Start of Data records

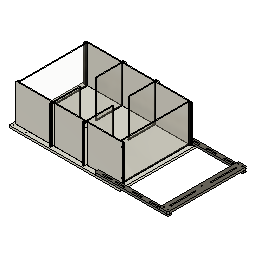
3ChamberBox (Autodesk Fusion 360 design; units mm, degrees)
Autodesk Fusion 360 part; units mm, degrees
sketch "Base" plane through (0, 0, 0) normal (0, 0, 1) x (1, 0, 0)
  line L0 (0, 0) -> (660.4, 0)
  line L1 (660.4, 0) -> (660.4, 469.9)
  line L2 (660.4, 469.9) -> (0, 469.9)
  line L3 (0, 469.9) -> (0, 0)
  line L4 (636.651, 437.261) -> (636.651, 32.639)
  line L5 (23.749, 32.639) -> (23.749, 437.261)
  line L6 (30.226, 32.639) -> (30.226, 437.261)
  line L7 (630.174, 437.261) -> (630.174, 32.639)
  line L8 (233.4895, 459.4352) -> (233.4895, 459.4352)
  line L9 (233.4895, 10.4648) -> (233.4895, 10.4648)
  line L10 (429.1965, 459.4352) -> (429.1965, 459.4352)
  line L11 (429.1965, 10.4648) -> (429.1965, 10.4648)
  line L12 (23.749, 437.261) -> (11.4935, 437.261)
  line L13 (8.255, 440.4995) -> (8.255, 440.4995)
  line L14 (11.4935, 443.738) -> (23.749, 443.738)
  line L15 (636.651, 437.261) -> (648.9065, 437.261)
  line L16 (652.145, 440.4995) -> (652.145, 440.4995)
  line L17 (648.9065, 443.738) -> (636.651, 443.738)
  line L18 (636.651, 26.162) -> (648.9065, 26.162)
  line L19 (652.145, 29.4005) -> (652.145, 29.4005)
  line L20 (648.9065, 32.639) -> (636.651, 32.639)
  line L21 (432.435, 13.7033) -> (432.435, 26.162)
  line L22 (432.435, 32.639) -> (432.435, 190.4057)
  line L23 (425.958, 190.4057) -> (425.958, 32.639)
  line L24 (425.958, 26.162) -> (425.958, 13.7033)
  line L25 (630.174, 32.639) -> (432.435, 32.639)
  line L26 (636.651, 26.162) -> (432.435, 26.162)
  line L27 (425.958, 32.639) -> (236.728, 32.639)
  line L28 (230.251, 32.639) -> (30.226, 32.639)
  line L29 (230.251, 13.7033) -> (230.251, 26.162)
  line L30 (230.251, 32.639) -> (230.251, 190.4057)
  line L31 (236.728, 190.4057) -> (236.728, 32.639)
  line L32 (236.728, 26.162) -> (236.728, 13.7033)
  line L33 (425.958, 26.162) -> (236.728, 26.162)
  line L34 (230.251, 26.162) -> (23.749, 26.162)
  line L35 (23.749, 443.738) -> (230.251, 443.738)
  line L36 (230.251, 282.6512) -> (230.251, 437.261)
  line L37 (230.251, 443.738) -> (230.251, 456.1967)
  line L38 (30.226, 437.261) -> (230.251, 437.261)
  line L39 (236.728, 456.1967) -> (236.728, 443.738)
  line L40 (236.728, 437.261) -> (236.728, 282.6512)
  line L41 (236.728, 443.738) -> (425.958, 443.738)
  line L42 (432.435, 443.738) -> (636.651, 443.738)
  line L43 (425.958, 456.1967) -> (425.958, 443.738)
  line L44 (425.958, 437.261) -> (425.958, 282.6512)
  line L45 (432.435, 282.6512) -> (432.435, 437.261)
  line L46 (432.435, 443.738) -> (432.435, 456.1967)
  line L47 (236.728, 437.261) -> (425.958, 437.261)
  line L48 (432.435, 437.261) -> (630.174, 437.261)
  line L49 (23.749, 26.162) -> (11.4935, 26.162)
  line L50 (8.255, 29.4005) -> (8.255, 29.4005)
  line L51 (11.4935, 32.639) -> (23.749, 32.639)
  arc A0 (8.255, 440.4995) -> (11.4935, 437.261) centre (11.4935, 440.4995) ccw
  arc A1 (11.4935, 443.738) -> (8.255, 440.4995) centre (11.4935, 440.4995) ccw
  arc A2 (233.4895, 459.4352) -> (230.251, 456.1967) centre (233.4895, 456.1967) ccw
  arc A3 (236.728, 456.1967) -> (233.4895, 459.4352) centre (233.4895, 456.1967) ccw
  arc A4 (429.1965, 459.4352) -> (425.958, 456.1967) centre (429.1965, 456.1967) ccw
  arc A5 (432.435, 456.1967) -> (429.1965, 459.4352) centre (429.1965, 456.1967) ccw
  arc A6 (652.145, 440.4995) -> (648.9065, 443.738) centre (648.9065, 440.4995) ccw
  arc A7 (648.9065, 437.261) -> (652.145, 440.4995) centre (648.9065, 440.4995) ccw
  arc A8 (652.145, 29.4005) -> (648.9065, 32.639) centre (648.9065, 29.4005) ccw
  arc A9 (648.9065, 26.162) -> (652.145, 29.4005) centre (648.9065, 29.4005) ccw
  arc A10 (429.1965, 10.4648) -> (432.435, 13.7033) centre (429.1965, 13.7033) ccw
  arc A11 (425.958, 13.7033) -> (429.1965, 10.4648) centre (429.1965, 13.7033) ccw
  arc A12 (230.251, 13.7033) -> (233.4895, 10.4648) centre (233.4895, 13.7033) ccw
  arc A13 (233.4895, 10.4648) -> (236.728, 13.7033) centre (233.4895, 13.7033) ccw
  arc A14 (8.255, 29.4005) -> (11.4935, 26.162) centre (11.4935, 29.4005) ccw
  arc A15 (11.4935, 32.639) -> (8.255, 29.4005) centre (11.4935, 29.4005) ccw
  line L52 (230.8352, 283.2354) -> (236.1438, 283.2354)
  line L53 (236.1438, 437.8452) -> (426.5422, 437.8452)
  line L54 (426.5422, 283.2354) -> (431.8508, 283.2354)
  line L55 (431.8508, 283.2354) -> (431.8508, 455.8538)
  line L56 (630.7582, 437.8452) -> (630.7582, 32.0548)
  line L57 (431.8508, 189.8215) -> (426.5422, 189.8215)
  line L58 (426.5422, 32.0548) -> (236.1438, 32.0548)
  line L59 (236.1438, 189.8215) -> (236.1438, 14.0462)
  line L60 (236.1438, 189.8215) -> (230.8352, 189.8215)
  line L61 (230.8352, 14.0462) -> (230.8352, 189.8215)
  line L62 (29.6418, 32.0548) -> (29.6418, 437.8452)
  line L63 (426.5422, 455.8538) -> (426.5422, 283.2354)
  line L64 (236.1438, 443.1538) -> (426.5422, 443.1538)
  line L65 (236.1438, 455.8538) -> (236.1438, 283.2354)
  line L66 (230.8352, 283.2354) -> (230.8352, 455.8538)
  line L67 (23.749, 443.1538) -> (230.8352, 443.1538)
  line L68 (11.6332, 443.1538) -> (23.749, 443.1538)
  line L69 (230.8352, 437.8452) -> (11.6332, 437.8452)
  line L70 (24.3332, 32.0548) -> (24.3332, 437.8452)
  line L71 (11.6332, 32.0548) -> (230.8352, 32.0548)
  line L72 (23.749, 26.7462) -> (11.6332, 26.7462)
  line L73 (230.8352, 26.7462) -> (23.749, 26.7462)
  line L74 (426.5422, 26.7462) -> (236.1438, 26.7462)
  line L75 (426.5422, 189.8215) -> (426.5422, 14.0462)
  line L76 (431.8508, 14.0462) -> (431.8508, 189.8215)
  line L77 (636.651, 26.7462) -> (431.8508, 26.7462)
  line L78 (636.651, 26.7462) -> (648.7668, 26.7462)
  line L79 (648.7668, 32.0548) -> (431.8508, 32.0548)
  line L80 (636.0668, 437.8452) -> (636.0668, 32.0548)
  line L81 (431.8508, 437.8452) -> (648.7668, 437.8452)
  line L82 (648.7668, 443.1538) -> (636.651, 443.1538)
  line L83 (431.8508, 443.1538) -> (636.651, 443.1538)
  line L84 (648.7668, 32.0548) -> (648.7668, 26.7462)
  line L85 (648.7668, 443.1538) -> (648.7668, 437.8452)
  line L86 (426.5422, 455.8538) -> (431.8508, 455.8538)
  line L87 (241.427, 455.8538) -> (230.8352, 455.8538)
  line L88 (11.6332, 437.8452) -> (11.6332, 443.1538)
  line L89 (11.6332, 32.0548) -> (11.6332, 26.7462)
  line L90 (230.8352, 14.0462) -> (236.1438, 14.0462)
  line L91 (421.259, 14.0462) -> (437.134, 14.0462)
  line L92 (437.134, 26.7462) -> (437.134, 14.0462)
  line L93 (421.259, 26.7462) -> (421.259, 14.0462)
  line L94 (241.427, 26.7462) -> (241.427, 14.0462)
  line L95 (241.427, 14.0462) -> (236.1438, 14.0462)
  line L96 (225.552, 26.7462) -> (225.552, 14.0462)
  line L97 (225.552, 14.0462) -> (230.8352, 14.0462)
  line L98 (11.6332, 32.0548) -> (11.6332, 37.338)
  line L99 (11.6332, 37.338) -> (24.3332, 37.338)
  line L100 (11.6332, 437.8452) -> (11.6332, 432.562)
  line L101 (11.6332, 432.562) -> (24.3332, 432.562)
  line L102 (225.552, 443.1538) -> (225.552, 455.8538)
  line L103 (225.552, 455.8538) -> (230.8352, 455.8538)
  line L104 (241.427, 443.1538) -> (241.427, 455.8538)
  line L105 (421.259, 443.1538) -> (421.259, 455.8538)
  line L106 (421.259, 455.8538) -> (426.5422, 455.8538)
  line L107 (437.134, 443.1538) -> (437.134, 455.8538)
  line L108 (437.134, 455.8538) -> (431.8508, 455.8538)
  line L109 (636.0668, 432.562) -> (648.7668, 432.562)
  line L110 (648.7668, 432.562) -> (648.7668, 437.8452)
  line L111 (636.0668, 37.338) -> (648.7668, 37.338)
  line L112 (648.7668, 37.338) -> (648.7668, 32.0548)
  circle A16 centre (12.7, 457.2) radius 2.5527
  circle A17 centre (88.9, 457.2) radius 2.5527
  circle A18 centre (12.7, 12.7) radius 2.5527
  circle A19 centre (88.9, 12.7) radius 2.5527
  circle A20 centre (647.7, 12.7) radius 2.5527
  circle A21 centre (571.5, 12.7) radius 2.5527
  circle A22 centre (647.7, 457.2) radius 2.5527
  circle A23 centre (571.5, 457.2) radius 2.5527
  arc A24 (236.728, 190.4057) -> (230.251, 190.4057) centre (233.4895, 190.4057) ccw
  arc A25 (230.251, 282.6512) -> (236.728, 282.6512) centre (233.4895, 282.6512) ccw
  arc A26 (425.958, 282.6512) -> (432.435, 282.6512) centre (429.1965, 282.6512) ccw
  arc A27 (432.435, 190.4057) -> (425.958, 190.4057) centre (429.1965, 190.4057) ccw
  dimension "d1" = 660.4
  dimension "d2" = 469.9
  dimension "d3" = 26.162
  dimension "d4" = 26.162
  dimension "d5" = 23.749
  dimension "d6" = 23.749
  dimension "d8" = 200.025
  dimension "d9" = 6.477
  dimension "d10" = 197.739
  dimension "d11" = 6.477
  dimension "d22" = 3.2385
  dimension "d30" = 12.7
  dimension "d31" = 12.7
  dimension "d33" = 12.7
  dimension "d34" = 5.2832
  dimension "d35" = 5.2832
  dimension "d36" = 5.2832
  dimension "d37" = 5.2832
  dimension "d38" = 12.7
  dimension "d39" = 12.7
  dimension "d40" = 12.7
  dimension "d41" = 12.7
  dimension "d42" = 5.2832
  dimension "d43" = 5.2832
  dimension "d44" = 12.7
  dimension "d45" = 12.7
  dimension "d46" = 12.7
  dimension "d47" = 190.3984
  dimension "d48" = 12.7
  dimension "d49" = 5.2832
  dimension "d50" = 5.2832
  dimension "d51" = 12.7
  dimension "d52" = 5.2832
  dimension "d53" = 12.7
  dimension "d54" = 12.7
  dimension "d55" = 5.2832
  dimension "d56" = 12.7
  dimension "d57" = 12.7
  dimension "d58" = 5.2832
  dimension "d59" = 12.7
  dimension "d60" = 5.2832
  dimension "d61" = 12.7
  dimension "d62" = 12.7
  dimension "d63" = 12.7
  dimension "d195" = 5.1054
  dimension "d196" = 5.1054
  dimension "d197" = 12.7
  dimension "d198" = 88.9
  dimension "d199" = 12.7
  dimension "d200" = 12.7
  dimension "d201" = 5.1054
  dimension "d202" = 5.1054
  dimension "d203" = 12.7
  dimension "d204" = 88.9
  dimension "d205" = 12.7
  dimension "d206" = 12.7
  dimension "d207" = 5.1054
  dimension "d208" = 5.1054
  dimension "d209" = 12.7
  dimension "d210" = 88.9
  dimension "d211" = 12.7
  dimension "d212" = 12.7
  dimension "d213" = 5.1054
  dimension "d214" = 5.1054
  dimension "d215" = 12.7
  dimension "d216" = 88.9
  dimension "d217" = 12.7
  dimension "d218" = 12.7
  constraint horizontal L0
  constraint vertical L1
  constraint horizontal L2
  constraint vertical L3
  constraint coincident L0.start L3.end
  constraint horizontal L35
  constraint vertical L4
  constraint horizontal L26
  constraint vertical L5
  constraint vertical L39
  constraint vertical L29
  constraint vertical L43
  constraint vertical L21
  constraint coincident L36.start L29
  constraint collinear L29 L36
  constraint collinear L31 L39
  constraint coincident L23.start L43
  constraint collinear L21 L45
  constraint collinear L23 L43
  constraint perpendicular L5 L12
  constraint perpendicular L5 L14
  constraint parallel L25 L26
  constraint parallel L5 L6
  constraint parallel L35 L38
  constraint parallel L4 L7
  constraint perpendicular L4 L15
  constraint perpendicular L4 L17
  constraint perpendicular L7 L18
  constraint perpendicular L4 L20
  constraint collinear L21 L22
  constraint coincident L23.end L25
  constraint coincident L24.start L26
  constraint collinear L23 L24
  constraint collinear L25 L27
  constraint collinear L26 L33
  constraint coincident L28.start L29
  constraint collinear L27 L28
  constraint coincident L29.end L33
  constraint collinear L29 L30
  constraint collinear L31 L32
  constraint collinear L33 L34
  constraint coincident L35.end L36
  constraint collinear L35 L41
  constraint collinear L36 L37
  constraint coincident L40.start L39
  constraint collinear L38 L47
  constraint collinear L39 L40
  constraint coincident L42.start L45
  constraint collinear L41 L42
  constraint collinear L43 L44
  constraint coincident L45.end L47
  constraint collinear L45 L46
  constraint collinear L47 L48
  constraint perpendicular L5 L49
  constraint perpendicular L5 L51
  constraint tangent L12 A0
  constraint tangent L14 A1
  constraint equal A0 A1
  constraint tangent L37 A2
  constraint equal A0 A2
  constraint tangent L39 A3
  constraint equal A0 A3
  constraint tangent L43 A4
  constraint equal A0 A4
  constraint tangent L46 A5
  constraint equal A0 A5
  constraint tangent L17 A6
  constraint equal A0 A6
  constraint tangent L15 A7
  constraint equal A0 A7
  constraint tangent L20 A8
  constraint equal A0 A8
  constraint tangent L18 A9
  constraint equal A0 A9
  constraint tangent L21 A10
  constraint equal A0 A10
  constraint tangent L24 A11
  constraint equal A0 A11
  constraint tangent L29 A12
  constraint equal A0 A12
  constraint tangent L32 A13
  constraint equal A0 A13
  constraint tangent L49 A14
  constraint equal A0 A14
  constraint tangent L51 A15
  constraint equal A0 A15
  constraint parallel L43 L63
  constraint parallel L41 L64
  constraint parallel L39 L65
  constraint parallel L37 L66
  constraint parallel L35 L67
  constraint parallel L14 L68
  constraint parallel L12 L69
  constraint parallel L5 L70
  constraint parallel L51 L71
  constraint parallel L49 L72
  constraint parallel L34 L73
  constraint parallel L29 L61
  constraint parallel L32 L59
  constraint parallel L33 L74
  constraint parallel L24 L75
  constraint parallel L21 L76
  constraint parallel L26 L77
  constraint parallel L18 L78
  constraint parallel L20 L79
  constraint parallel L4 L80
  constraint parallel L15 L81
  constraint parallel L17 L82
  constraint parallel L42 L83
  constraint parallel L46 L55
  constraint coincident L67.end L66
  constraint parallel L40 L65
  constraint parallel L47 L53
  constraint parallel L44 L63
  constraint parallel L45 L55
  constraint parallel L48 L81
  constraint parallel L7 L56
  constraint parallel L25 L79
  constraint parallel L22 L76
  constraint parallel L23 L75
  constraint parallel L27 L58
  constraint parallel L31 L59
  constraint parallel L30 L61
  constraint parallel L28 L71
  constraint parallel L6 L62
  constraint parallel L38 L69
  constraint parallel L36 L66
  constraint coincident L64.start L65
  constraint coincident L64.end L63
  constraint coincident L81.start L55
  constraint coincident L77.end L76
  constraint coincident L74.start L75
  constraint coincident L71.end L61
  constraint coincident L58.end L59
  constraint perpendicular L78 L84
  constraint perpendicular L82 L85
  constraint perpendicular L55 L86
  constraint perpendicular L65 L87
  constraint perpendicular L68 L88
  constraint perpendicular L72 L89
  constraint perpendicular L61 L90
  constraint perpendicular L76 L91
  constraint coincident L77 L92.start
  constraint perpendicular L26 L92
  constraint perpendicular L21 L91
  constraint coincident L74 L93.start
  constraint perpendicular L33 L93
  constraint perpendicular L24 L91
  constraint coincident L74 L94.start
  constraint perpendicular L33 L94
  constraint coincident L59 L90.end
  constraint perpendicular L59 L95
  constraint coincident L73 L96.start
  constraint perpendicular L34 L96
  constraint coincident L61 L90.start
  constraint perpendicular L61 L97
  constraint coincident L71 L89.start
  constraint perpendicular L51 L98
  constraint coincident L70 L99.end
  constraint perpendicular L70 L99
  constraint coincident L69 L88.start
  constraint perpendicular L12 L100
  constraint coincident L70 L101.end
  constraint perpendicular L70 L101
  constraint coincident L67 L102.start
  constraint perpendicular L67 L102
  constraint coincident L66 L87.end
  constraint perpendicular L66 L103
  constraint coincident L64 L104.start
  constraint perpendicular L41 L104
  constraint perpendicular L39 L87
  constraint coincident L64 L105.start
  constraint perpendicular L64 L105
  constraint coincident L63 L86.start
  constraint perpendicular L63 L106
  constraint coincident L83 L107.start
  constraint perpendicular L42 L107
  constraint coincident L55 L86.end
  constraint perpendicular L55 L108
  constraint coincident L80 L109.start
  constraint perpendicular L80 L109
  constraint coincident L81 L85.end
  constraint perpendicular L81 L110
  constraint coincident L80 L111.start
  constraint perpendicular L80 L111
  constraint coincident L79 L84.start
  constraint perpendicular L79 L112
  constraint tangent L40 A25
  constraint tangent L31 A24
  constraint tangent L45 A26
  constraint tangent L22 A27
  measures "d1" distance of L0.start L0.end
  measures "d2" distance of L0.start L2.end
  measures "d3" distance of L2 L35
  measures "d4" distance of L0 L26
  measures "d5" distance of L3 L5
  measures "d6" distance of L1 L4
  measures "d8" distance of L6 L29
  measures "d9" distance of L29 L39
  measures "d10" distance of L7 L21
  measures "d11" distance of L21 L43
  measures "d22" radius of A0
  measures "d30" distance of L77 L91
  measures "d31" distance of L74 L91
  measures "d33" distance of L74 L91
  measures "d34" distance of L76 L92
  measures "d35" distance of L75 L93
  measures "d36" distance of L61 L96
  measures "d37" distance of L59 L94
  measures "d38" distance of L73 L97
  measures "d39" distance of L73 L90
  measures "d40" distance of L74 L95
  measures "d41" distance of L70 L98
  measures "d42" distance of L71 L99
  measures "d43" distance of L69 L101
  measures "d44" distance of L70 L100
  measures "d45" distance of L67 L103
  measures "d46" distance of L67 L87
  measures "d47" distance of L64.end L64.start
  measures "d48" distance of L64 L87
  measures "d49" distance of L65 L104
  measures "d50" distance of L66 L102
  measures "d51" distance of L64 L106
  measures "d52" distance of L63 L105
  measures "d53" distance of L64 L86
  measures "d54" distance of L83 L108
  measures "d55" distance of L55 L107
  measures "d56" distance of L80 L110
  measures "d57" distance of L80 L85
  measures "d58" distance of L81 L109
  measures "d59" distance of L80 L112
  measures "d60" distance of L79 L111
  measures "d61" distance of L80 L84
  measures "d62" distance of L70 L88
  measures "d63" distance of L70 L89
  measures "d195" diameter of A16
  measures "d196" diameter of A17
  measures "d197" distance of L3 A16.centre
  measures "d198" distance of L3 A17.centre
  measures "d199" distance of L2 A16.centre
  measures "d200" distance of L2 A17.centre
  measures "d201" diameter of A18
  measures "d202" diameter of A19
  measures "d203" distance of L3 A18.centre
  measures "d204" distance of L3 A19.centre
  measures "d205" distance of L0 A18.centre
  measures "d206" distance of L0 A19.centre
  measures "d207" diameter of A20
  measures "d208" diameter of A21
  measures "d209" distance of L1 A20.centre
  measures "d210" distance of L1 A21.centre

End of Data records

• _What to do_
Copy every line of the records above that contains "units".

• _Completed exercise_
3ChamberBox (Autodesk Fusion 360 design; units mm, degrees)
Autodesk Fusion 360 part; units mm, degrees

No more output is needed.